In the material below, the lines containing the word "SUBTRACT" are required; copy each of them.

====

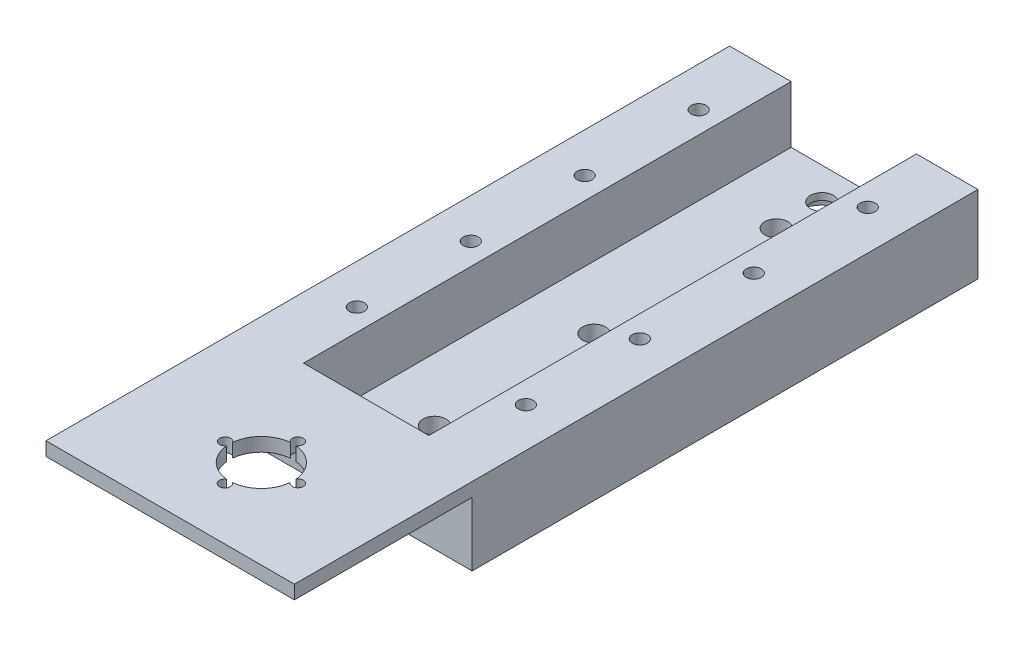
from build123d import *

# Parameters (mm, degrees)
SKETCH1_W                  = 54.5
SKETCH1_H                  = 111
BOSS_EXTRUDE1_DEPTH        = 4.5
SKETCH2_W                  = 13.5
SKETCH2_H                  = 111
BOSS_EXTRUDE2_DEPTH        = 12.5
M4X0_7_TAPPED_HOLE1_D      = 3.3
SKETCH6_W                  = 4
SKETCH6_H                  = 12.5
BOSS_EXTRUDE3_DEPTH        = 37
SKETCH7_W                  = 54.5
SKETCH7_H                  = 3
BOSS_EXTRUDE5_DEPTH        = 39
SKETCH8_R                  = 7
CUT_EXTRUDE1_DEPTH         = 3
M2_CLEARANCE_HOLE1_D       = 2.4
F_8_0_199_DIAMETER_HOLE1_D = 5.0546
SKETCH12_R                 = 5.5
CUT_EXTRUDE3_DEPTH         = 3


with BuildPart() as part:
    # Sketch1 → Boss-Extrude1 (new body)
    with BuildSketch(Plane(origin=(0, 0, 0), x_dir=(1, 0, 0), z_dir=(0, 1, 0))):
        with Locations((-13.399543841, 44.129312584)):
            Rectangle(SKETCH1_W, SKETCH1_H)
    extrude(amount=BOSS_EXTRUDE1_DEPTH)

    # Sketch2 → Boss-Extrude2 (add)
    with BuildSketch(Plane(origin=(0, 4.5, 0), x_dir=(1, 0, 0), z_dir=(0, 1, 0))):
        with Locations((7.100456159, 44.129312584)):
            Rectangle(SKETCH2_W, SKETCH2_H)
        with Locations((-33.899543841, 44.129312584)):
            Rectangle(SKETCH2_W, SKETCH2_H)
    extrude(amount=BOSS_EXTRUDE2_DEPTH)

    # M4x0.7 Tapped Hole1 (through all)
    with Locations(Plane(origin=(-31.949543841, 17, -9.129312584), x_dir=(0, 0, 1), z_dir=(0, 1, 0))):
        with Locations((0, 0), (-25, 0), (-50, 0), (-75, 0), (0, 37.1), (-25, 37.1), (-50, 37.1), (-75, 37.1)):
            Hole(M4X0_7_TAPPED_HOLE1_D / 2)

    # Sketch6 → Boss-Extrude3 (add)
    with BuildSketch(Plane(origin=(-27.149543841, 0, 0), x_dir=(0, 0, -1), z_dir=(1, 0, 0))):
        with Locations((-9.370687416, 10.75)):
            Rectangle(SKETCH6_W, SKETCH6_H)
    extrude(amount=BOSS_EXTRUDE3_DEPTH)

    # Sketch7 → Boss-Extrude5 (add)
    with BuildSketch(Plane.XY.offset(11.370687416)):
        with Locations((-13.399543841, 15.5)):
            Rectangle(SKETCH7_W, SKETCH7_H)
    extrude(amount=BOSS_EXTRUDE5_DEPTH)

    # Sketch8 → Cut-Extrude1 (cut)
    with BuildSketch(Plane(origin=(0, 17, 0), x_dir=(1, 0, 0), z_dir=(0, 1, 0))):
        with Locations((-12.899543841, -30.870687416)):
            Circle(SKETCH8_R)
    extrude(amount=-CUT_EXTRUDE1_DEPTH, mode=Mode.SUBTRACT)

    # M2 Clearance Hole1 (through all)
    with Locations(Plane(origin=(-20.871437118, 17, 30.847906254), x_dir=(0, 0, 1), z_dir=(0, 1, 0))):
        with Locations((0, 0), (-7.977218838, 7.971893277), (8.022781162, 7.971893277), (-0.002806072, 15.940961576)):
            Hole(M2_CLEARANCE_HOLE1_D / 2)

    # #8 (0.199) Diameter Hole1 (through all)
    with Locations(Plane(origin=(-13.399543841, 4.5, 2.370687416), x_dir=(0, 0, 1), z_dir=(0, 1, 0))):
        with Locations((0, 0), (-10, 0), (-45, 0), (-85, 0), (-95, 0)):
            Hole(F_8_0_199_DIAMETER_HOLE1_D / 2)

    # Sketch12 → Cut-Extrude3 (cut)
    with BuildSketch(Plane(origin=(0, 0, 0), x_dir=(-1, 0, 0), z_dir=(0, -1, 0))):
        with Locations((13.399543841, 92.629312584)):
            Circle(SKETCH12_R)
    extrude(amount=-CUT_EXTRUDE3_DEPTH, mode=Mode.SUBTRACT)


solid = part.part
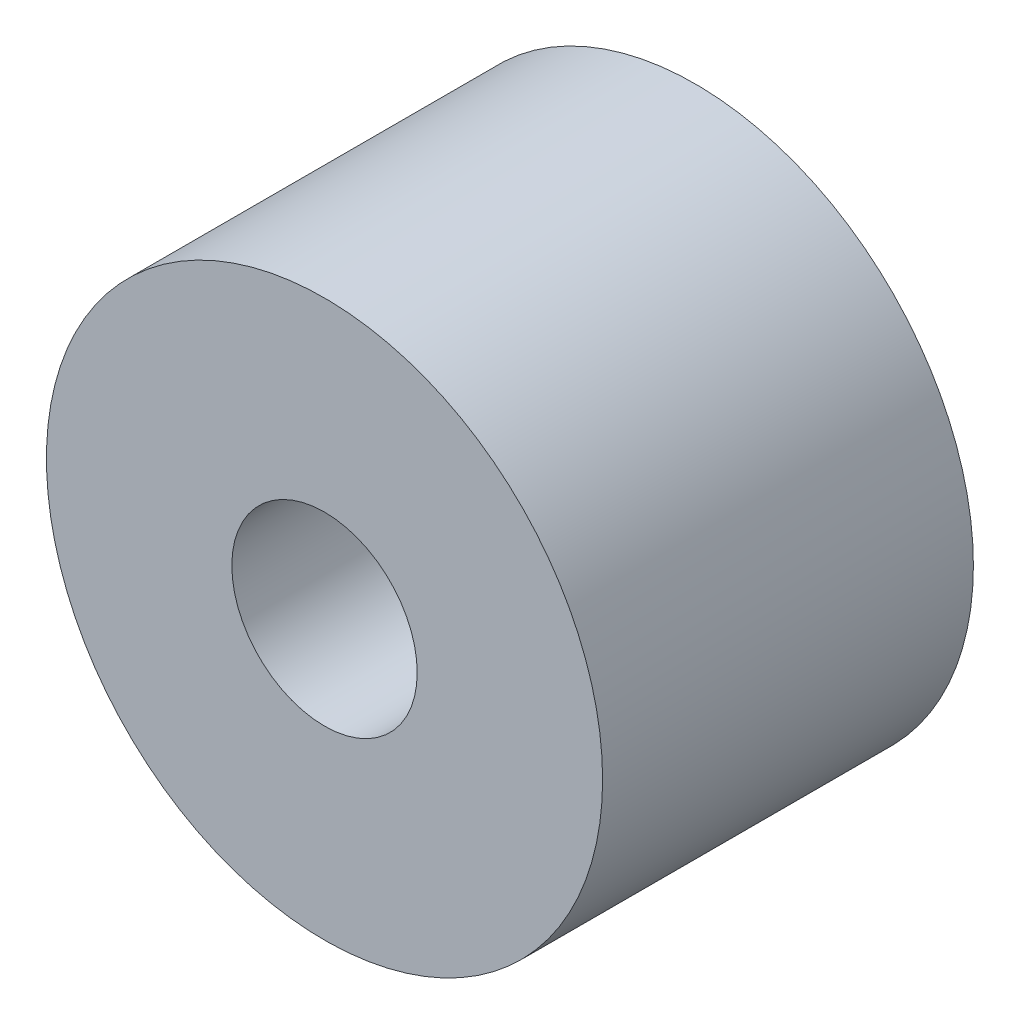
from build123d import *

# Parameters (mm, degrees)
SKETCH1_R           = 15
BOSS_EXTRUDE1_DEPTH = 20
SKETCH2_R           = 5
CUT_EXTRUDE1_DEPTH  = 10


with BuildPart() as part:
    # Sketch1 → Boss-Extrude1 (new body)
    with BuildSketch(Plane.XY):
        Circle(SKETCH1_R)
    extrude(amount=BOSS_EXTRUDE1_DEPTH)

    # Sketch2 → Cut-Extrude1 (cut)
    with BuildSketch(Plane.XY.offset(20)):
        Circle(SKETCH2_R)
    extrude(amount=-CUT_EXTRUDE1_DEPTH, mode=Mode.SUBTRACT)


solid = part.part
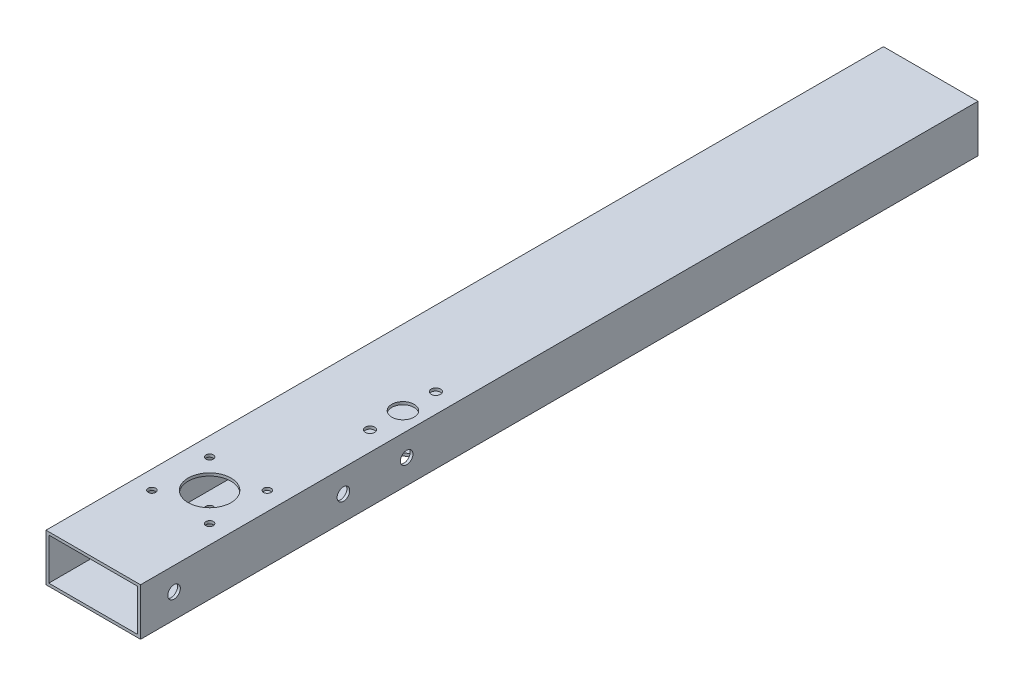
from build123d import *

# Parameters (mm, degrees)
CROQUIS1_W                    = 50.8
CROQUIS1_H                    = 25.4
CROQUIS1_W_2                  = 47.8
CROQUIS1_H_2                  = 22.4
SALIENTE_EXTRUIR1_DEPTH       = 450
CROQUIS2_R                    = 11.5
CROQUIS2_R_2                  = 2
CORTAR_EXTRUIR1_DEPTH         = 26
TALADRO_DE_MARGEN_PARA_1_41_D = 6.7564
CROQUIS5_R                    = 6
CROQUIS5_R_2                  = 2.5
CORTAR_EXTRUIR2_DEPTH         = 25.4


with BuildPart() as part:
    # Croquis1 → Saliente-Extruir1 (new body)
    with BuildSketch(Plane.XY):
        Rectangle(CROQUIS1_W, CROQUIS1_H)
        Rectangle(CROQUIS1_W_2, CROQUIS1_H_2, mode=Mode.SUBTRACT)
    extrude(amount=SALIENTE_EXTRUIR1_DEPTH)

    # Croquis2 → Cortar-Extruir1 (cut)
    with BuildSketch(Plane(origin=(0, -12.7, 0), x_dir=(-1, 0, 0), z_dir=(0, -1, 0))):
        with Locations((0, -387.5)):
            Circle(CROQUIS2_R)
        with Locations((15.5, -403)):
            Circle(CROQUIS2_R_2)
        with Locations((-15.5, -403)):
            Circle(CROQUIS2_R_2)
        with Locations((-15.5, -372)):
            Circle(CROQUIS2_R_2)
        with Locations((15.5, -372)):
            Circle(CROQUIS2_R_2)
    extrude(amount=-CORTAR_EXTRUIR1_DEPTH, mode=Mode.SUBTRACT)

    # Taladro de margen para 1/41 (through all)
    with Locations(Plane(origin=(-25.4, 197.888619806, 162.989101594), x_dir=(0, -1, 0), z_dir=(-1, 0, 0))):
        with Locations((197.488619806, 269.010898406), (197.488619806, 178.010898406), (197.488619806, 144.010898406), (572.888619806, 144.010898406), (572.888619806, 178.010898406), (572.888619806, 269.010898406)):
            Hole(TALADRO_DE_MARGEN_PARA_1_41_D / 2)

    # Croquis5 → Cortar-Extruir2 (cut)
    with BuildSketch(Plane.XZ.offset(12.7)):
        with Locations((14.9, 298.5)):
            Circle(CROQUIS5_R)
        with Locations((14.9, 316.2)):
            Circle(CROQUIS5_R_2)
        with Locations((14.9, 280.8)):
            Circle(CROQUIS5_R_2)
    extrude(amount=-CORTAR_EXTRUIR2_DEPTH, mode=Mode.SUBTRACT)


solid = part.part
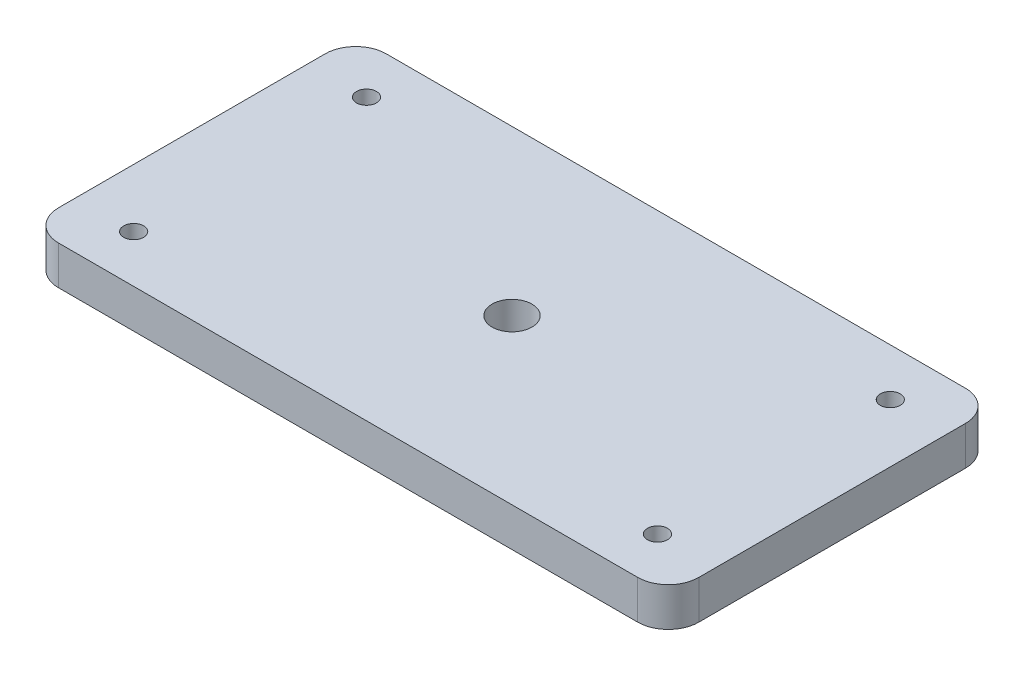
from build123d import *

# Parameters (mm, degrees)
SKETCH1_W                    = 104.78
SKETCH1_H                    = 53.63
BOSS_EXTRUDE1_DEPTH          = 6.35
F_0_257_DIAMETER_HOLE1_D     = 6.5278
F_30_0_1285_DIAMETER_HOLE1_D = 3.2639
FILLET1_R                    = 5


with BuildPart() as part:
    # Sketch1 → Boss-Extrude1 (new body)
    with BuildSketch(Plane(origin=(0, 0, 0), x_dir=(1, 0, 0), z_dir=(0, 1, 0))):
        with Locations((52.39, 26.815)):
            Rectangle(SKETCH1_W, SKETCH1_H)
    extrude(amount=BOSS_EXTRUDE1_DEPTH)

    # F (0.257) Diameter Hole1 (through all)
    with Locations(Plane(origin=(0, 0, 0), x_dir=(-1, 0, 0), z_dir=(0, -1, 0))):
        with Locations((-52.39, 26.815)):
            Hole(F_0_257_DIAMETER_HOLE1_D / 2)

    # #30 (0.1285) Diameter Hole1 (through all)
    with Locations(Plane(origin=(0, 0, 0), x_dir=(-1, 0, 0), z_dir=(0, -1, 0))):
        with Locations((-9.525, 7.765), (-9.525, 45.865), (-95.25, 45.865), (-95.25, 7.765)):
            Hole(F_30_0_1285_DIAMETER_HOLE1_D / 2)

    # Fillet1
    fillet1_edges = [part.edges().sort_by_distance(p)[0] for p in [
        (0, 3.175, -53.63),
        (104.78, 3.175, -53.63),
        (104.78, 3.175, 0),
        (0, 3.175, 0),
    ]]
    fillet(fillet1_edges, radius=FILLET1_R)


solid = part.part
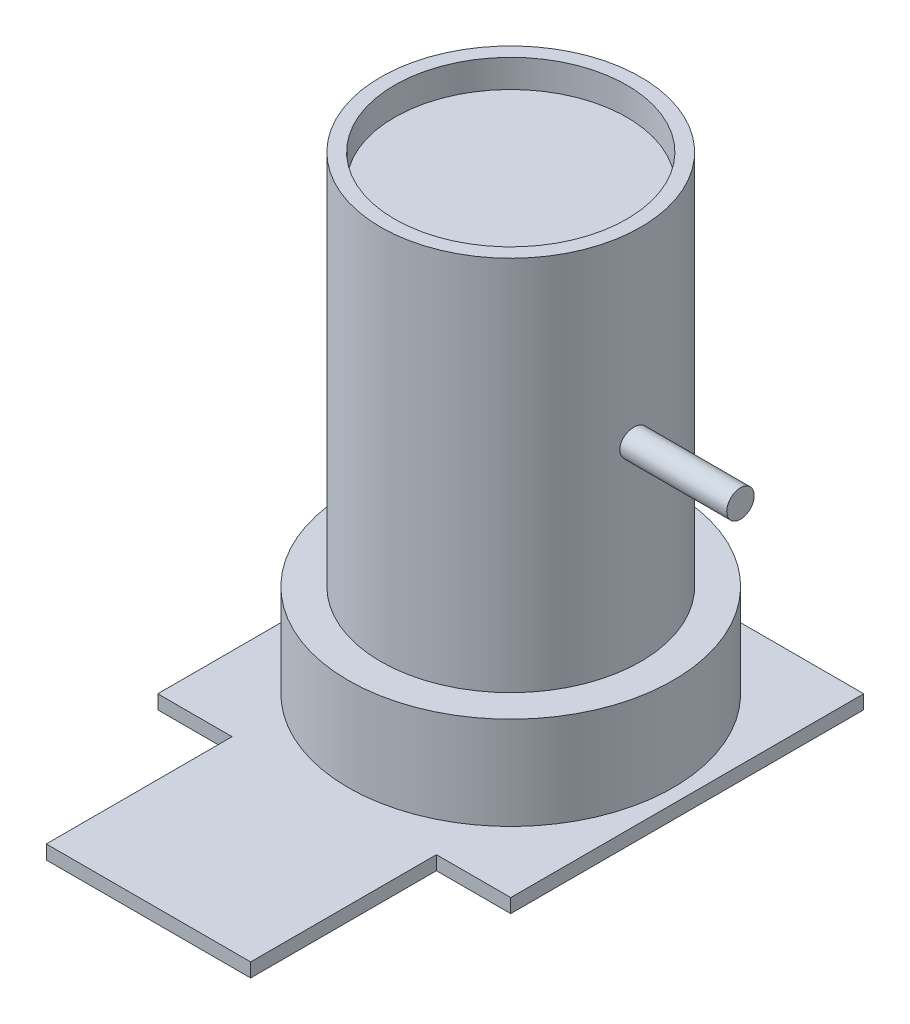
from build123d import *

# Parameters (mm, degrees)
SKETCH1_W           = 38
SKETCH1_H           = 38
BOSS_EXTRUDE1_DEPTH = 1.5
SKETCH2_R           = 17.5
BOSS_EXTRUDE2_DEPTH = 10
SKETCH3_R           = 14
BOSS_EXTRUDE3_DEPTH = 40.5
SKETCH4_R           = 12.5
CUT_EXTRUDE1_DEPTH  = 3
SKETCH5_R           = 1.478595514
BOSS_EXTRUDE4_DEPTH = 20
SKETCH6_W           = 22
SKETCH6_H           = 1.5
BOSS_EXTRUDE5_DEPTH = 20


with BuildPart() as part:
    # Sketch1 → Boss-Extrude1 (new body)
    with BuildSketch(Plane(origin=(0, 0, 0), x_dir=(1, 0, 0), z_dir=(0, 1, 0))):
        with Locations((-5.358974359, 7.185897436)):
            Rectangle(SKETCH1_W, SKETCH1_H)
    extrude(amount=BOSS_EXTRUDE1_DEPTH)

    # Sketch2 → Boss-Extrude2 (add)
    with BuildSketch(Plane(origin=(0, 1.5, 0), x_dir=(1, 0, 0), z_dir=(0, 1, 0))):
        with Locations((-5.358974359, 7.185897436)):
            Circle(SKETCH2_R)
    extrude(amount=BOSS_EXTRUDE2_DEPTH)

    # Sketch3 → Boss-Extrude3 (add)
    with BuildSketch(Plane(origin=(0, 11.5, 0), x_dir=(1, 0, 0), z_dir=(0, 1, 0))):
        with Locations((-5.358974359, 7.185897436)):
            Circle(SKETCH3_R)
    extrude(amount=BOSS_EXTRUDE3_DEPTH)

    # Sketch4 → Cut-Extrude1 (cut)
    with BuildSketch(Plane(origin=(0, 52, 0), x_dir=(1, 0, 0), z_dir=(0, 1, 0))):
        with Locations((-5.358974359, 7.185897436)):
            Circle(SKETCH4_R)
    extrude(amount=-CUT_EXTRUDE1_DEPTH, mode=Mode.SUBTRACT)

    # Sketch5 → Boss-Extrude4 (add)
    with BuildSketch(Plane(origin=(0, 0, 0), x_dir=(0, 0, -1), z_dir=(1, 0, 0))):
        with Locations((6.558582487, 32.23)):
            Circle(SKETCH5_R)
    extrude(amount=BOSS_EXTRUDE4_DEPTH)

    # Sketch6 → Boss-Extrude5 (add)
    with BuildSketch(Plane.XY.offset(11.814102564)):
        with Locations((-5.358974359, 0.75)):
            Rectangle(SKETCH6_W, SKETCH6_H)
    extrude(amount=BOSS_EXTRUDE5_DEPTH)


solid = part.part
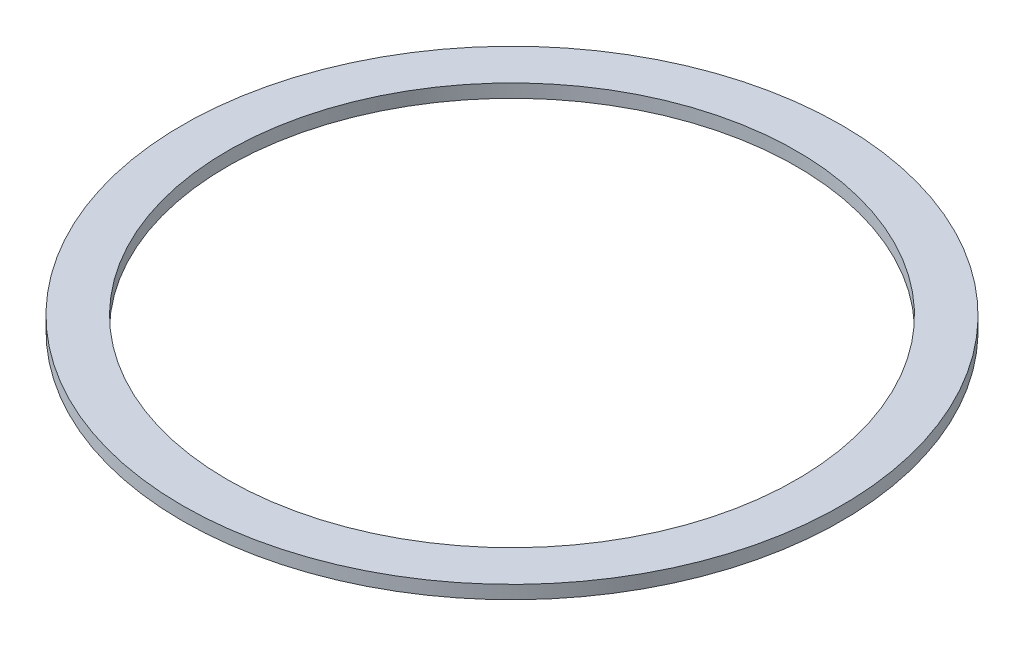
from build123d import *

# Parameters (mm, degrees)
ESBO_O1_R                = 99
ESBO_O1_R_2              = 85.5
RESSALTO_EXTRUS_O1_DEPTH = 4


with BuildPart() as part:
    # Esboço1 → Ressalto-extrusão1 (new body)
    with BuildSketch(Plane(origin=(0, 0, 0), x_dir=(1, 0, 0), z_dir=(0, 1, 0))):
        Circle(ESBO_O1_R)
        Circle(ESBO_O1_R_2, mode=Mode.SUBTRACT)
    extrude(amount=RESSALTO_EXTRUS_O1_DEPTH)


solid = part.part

====

Solution to the problem:
    extrude(amount=-CUT_EXTRUDE1_DEPTH, mode=Mode.SUBTRACT)
    extrude(amount=-CUT_EXTRUDE3_DEPTH, mode=Mode.SUBTRACT)
    extrude(amount=-CUT_EXTRUDE1_DEPTH, mode=Mode.SUBTRACT)
        Rectangle(CROQUIS1_W_2, CROQUIS1_H_2, mode=Mode.SUBTRACT)
    extrude(amount=-CORTAR_EXTRUIR1_DEPTH, mode=Mode.SUBTRACT)
    extrude(amount=-CORTAR_EXTRUIR2_DEPTH, mode=Mode.SUBTRACT)
    extrude(amount=-CUT_EXTRUDE1_DEPTH, mode=Mode.SUBTRACT)
        Circle(ESBO_O1_R_2, mode=Mode.SUBTRACT)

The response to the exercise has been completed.